[Recorded data]
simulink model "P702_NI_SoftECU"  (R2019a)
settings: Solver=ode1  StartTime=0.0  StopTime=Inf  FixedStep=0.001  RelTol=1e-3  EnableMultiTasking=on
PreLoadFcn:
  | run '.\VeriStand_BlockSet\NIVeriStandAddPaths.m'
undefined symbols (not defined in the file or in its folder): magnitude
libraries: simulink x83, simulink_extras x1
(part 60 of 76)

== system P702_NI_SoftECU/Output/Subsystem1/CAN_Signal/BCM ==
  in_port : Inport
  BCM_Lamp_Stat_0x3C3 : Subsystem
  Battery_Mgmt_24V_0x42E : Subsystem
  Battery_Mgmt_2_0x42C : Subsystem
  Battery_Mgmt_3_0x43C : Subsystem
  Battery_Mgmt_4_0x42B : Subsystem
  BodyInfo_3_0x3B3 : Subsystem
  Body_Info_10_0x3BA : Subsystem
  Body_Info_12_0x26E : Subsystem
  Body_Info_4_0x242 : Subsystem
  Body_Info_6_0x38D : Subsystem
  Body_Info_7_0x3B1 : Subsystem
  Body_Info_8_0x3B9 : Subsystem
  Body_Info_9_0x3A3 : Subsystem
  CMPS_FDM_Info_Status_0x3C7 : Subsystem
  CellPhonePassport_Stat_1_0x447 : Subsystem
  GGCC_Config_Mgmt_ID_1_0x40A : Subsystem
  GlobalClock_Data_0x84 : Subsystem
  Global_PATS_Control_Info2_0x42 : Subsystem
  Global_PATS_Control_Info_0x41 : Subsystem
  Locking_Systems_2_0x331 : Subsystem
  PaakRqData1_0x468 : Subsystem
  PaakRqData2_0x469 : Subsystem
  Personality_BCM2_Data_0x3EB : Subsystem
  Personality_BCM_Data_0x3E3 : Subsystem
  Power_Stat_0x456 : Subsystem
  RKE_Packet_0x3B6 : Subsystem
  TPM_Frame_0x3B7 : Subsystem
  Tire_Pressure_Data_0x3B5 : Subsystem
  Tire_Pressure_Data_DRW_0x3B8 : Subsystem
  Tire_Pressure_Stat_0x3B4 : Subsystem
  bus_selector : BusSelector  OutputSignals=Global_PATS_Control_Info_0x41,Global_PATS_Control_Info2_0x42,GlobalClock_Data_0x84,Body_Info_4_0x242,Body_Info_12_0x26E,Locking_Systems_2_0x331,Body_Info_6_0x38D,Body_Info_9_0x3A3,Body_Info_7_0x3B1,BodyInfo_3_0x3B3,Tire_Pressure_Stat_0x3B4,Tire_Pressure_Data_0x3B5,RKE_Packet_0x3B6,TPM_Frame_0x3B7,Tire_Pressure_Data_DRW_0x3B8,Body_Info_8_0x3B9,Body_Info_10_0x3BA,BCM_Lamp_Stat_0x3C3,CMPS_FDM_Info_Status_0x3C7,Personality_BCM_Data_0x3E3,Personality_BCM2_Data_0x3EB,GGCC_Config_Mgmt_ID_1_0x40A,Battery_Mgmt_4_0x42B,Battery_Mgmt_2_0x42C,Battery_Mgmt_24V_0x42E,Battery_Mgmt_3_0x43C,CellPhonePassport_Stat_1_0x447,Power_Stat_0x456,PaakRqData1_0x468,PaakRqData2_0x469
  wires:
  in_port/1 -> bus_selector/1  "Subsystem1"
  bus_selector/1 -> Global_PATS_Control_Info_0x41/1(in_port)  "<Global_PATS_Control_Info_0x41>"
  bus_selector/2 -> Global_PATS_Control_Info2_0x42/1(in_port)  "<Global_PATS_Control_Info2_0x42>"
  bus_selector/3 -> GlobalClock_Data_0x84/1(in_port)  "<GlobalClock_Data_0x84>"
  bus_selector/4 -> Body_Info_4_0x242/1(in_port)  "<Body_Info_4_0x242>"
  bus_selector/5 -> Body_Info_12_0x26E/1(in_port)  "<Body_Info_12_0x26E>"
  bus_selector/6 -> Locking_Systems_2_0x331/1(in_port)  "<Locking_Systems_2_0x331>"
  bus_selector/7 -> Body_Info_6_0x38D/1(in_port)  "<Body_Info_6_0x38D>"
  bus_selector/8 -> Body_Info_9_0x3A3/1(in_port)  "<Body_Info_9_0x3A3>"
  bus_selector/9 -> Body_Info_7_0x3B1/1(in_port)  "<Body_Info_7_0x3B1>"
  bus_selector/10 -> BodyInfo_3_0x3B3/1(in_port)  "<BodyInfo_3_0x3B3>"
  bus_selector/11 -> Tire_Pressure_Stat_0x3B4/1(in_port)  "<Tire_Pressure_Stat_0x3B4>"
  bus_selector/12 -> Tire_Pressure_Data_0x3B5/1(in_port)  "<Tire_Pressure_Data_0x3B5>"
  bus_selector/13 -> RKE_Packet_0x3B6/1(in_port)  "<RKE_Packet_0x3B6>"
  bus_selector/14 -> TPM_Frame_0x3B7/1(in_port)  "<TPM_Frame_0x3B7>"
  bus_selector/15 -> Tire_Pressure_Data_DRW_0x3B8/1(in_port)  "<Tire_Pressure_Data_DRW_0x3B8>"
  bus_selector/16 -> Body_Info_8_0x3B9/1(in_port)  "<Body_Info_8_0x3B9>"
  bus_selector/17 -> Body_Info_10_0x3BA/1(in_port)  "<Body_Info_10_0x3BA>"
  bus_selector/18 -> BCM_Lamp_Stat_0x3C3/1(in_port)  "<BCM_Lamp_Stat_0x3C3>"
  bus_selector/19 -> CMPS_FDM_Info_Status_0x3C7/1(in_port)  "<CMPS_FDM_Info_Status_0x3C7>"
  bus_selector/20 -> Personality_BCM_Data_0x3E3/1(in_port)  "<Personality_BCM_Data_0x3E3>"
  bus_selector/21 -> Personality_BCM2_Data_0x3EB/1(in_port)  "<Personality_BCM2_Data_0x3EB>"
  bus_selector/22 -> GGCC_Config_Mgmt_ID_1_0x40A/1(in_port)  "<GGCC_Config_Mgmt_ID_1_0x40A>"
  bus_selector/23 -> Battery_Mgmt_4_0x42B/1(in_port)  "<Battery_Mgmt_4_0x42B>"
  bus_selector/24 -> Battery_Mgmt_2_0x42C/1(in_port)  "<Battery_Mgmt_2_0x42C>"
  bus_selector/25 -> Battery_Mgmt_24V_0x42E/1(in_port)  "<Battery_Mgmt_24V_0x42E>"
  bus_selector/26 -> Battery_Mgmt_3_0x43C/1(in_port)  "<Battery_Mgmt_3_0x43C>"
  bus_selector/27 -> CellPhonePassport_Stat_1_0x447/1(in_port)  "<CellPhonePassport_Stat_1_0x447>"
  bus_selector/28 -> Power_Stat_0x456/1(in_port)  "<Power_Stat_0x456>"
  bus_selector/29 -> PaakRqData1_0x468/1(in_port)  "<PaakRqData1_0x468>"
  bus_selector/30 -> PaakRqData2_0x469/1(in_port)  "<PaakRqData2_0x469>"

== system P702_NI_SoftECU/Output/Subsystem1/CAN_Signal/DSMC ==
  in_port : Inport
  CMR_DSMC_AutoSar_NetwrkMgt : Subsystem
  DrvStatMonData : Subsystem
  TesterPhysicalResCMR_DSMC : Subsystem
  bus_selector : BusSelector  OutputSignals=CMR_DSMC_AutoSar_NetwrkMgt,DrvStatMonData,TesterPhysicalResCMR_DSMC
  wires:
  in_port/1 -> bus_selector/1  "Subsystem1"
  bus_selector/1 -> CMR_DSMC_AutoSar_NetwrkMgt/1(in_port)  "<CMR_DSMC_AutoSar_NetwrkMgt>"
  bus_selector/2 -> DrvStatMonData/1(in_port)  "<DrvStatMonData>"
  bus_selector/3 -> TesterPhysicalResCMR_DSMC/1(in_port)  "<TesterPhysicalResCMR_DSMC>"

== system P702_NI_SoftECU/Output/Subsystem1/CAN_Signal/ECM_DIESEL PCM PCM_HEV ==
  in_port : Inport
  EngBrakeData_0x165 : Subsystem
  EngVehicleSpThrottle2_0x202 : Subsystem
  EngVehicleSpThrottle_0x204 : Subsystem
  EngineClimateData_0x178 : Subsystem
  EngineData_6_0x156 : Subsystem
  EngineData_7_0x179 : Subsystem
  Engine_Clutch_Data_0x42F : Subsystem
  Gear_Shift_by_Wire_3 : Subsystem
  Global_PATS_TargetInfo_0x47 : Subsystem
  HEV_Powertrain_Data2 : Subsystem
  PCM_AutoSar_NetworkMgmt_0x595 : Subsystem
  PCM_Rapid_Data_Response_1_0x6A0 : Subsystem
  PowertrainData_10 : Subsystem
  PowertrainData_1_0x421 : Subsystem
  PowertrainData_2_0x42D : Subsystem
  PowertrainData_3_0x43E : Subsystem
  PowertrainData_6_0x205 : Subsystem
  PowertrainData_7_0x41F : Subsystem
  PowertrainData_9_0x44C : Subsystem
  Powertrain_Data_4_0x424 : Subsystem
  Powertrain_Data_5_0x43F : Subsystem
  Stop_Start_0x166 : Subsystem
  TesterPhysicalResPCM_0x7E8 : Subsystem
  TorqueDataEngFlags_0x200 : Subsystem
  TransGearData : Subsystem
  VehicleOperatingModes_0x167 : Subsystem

Problem details: Set down, from the entries above, exactly the lines from the one with "GGCC_Config_Mgmt_ID_1_0x40A : Subsystem" up to and including the one with "bus_selector/5 -> Body_Info_12_0x26E/1(in_port)", and no other lines.

Output for this exercise:
  GGCC_Config_Mgmt_ID_1_0x40A : Subsystem
  GlobalClock_Data_0x84 : Subsystem
  Global_PATS_Control_Info2_0x42 : Subsystem
  Global_PATS_Control_Info_0x41 : Subsystem
  Locking_Systems_2_0x331 : Subsystem
  PaakRqData1_0x468 : Subsystem
  PaakRqData2_0x469 : Subsystem
  Personality_BCM2_Data_0x3EB : Subsystem
  Personality_BCM_Data_0x3E3 : Subsystem
  Power_Stat_0x456 : Subsystem
  RKE_Packet_0x3B6 : Subsystem
  TPM_Frame_0x3B7 : Subsystem
  Tire_Pressure_Data_0x3B5 : Subsystem
  Tire_Pressure_Data_DRW_0x3B8 : Subsystem
  Tire_Pressure_Stat_0x3B4 : Subsystem
  bus_selector : BusSelector  OutputSignals=Global_PATS_Control_Info_0x41,Global_PATS_Control_Info2_0x42,GlobalClock_Data_0x84,Body_Info_4_0x242,Body_Info_12_0x26E,Locking_Systems_2_0x331,Body_Info_6_0x38D,Body_Info_9_0x3A3,Body_Info_7_0x3B1,BodyInfo_3_0x3B3,Tire_Pressure_Stat_0x3B4,Tire_Pressure_Data_0x3B5,RKE_Packet_0x3B6,TPM_Frame_0x3B7,Tire_Pressure_Data_DRW_0x3B8,Body_Info_8_0x3B9,Body_Info_10_0x3BA,BCM_Lamp_Stat_0x3C3,CMPS_FDM_Info_Status_0x3C7,Personality_BCM_Data_0x3E3,Personality_BCM2_Data_0x3EB,GGCC_Config_Mgmt_ID_1_0x40A,Battery_Mgmt_4_0x42B,Battery_Mgmt_2_0x42C,Battery_Mgmt_24V_0x42E,Battery_Mgmt_3_0x43C,CellPhonePassport_Stat_1_0x447,Power_Stat_0x456,PaakRqData1_0x468,PaakRqData2_0x469
  wires:
  in_port/1 -> bus_selector/1  "Subsystem1"
  bus_selector/1 -> Global_PATS_Control_Info_0x41/1(in_port)  "<Global_PATS_Control_Info_0x41>"
  bus_selector/2 -> Global_PATS_Control_Info2_0x42/1(in_port)  "<Global_PATS_Control_Info2_0x42>"
  bus_selector/3 -> GlobalClock_Data_0x84/1(in_port)  "<GlobalClock_Data_0x84>"
  bus_selector/4 -> Body_Info_4_0x242/1(in_port)  "<Body_Info_4_0x242>"
  bus_selector/5 -> Body_Info_12_0x26E/1(in_port)  "<Body_Info_12_0x26E>"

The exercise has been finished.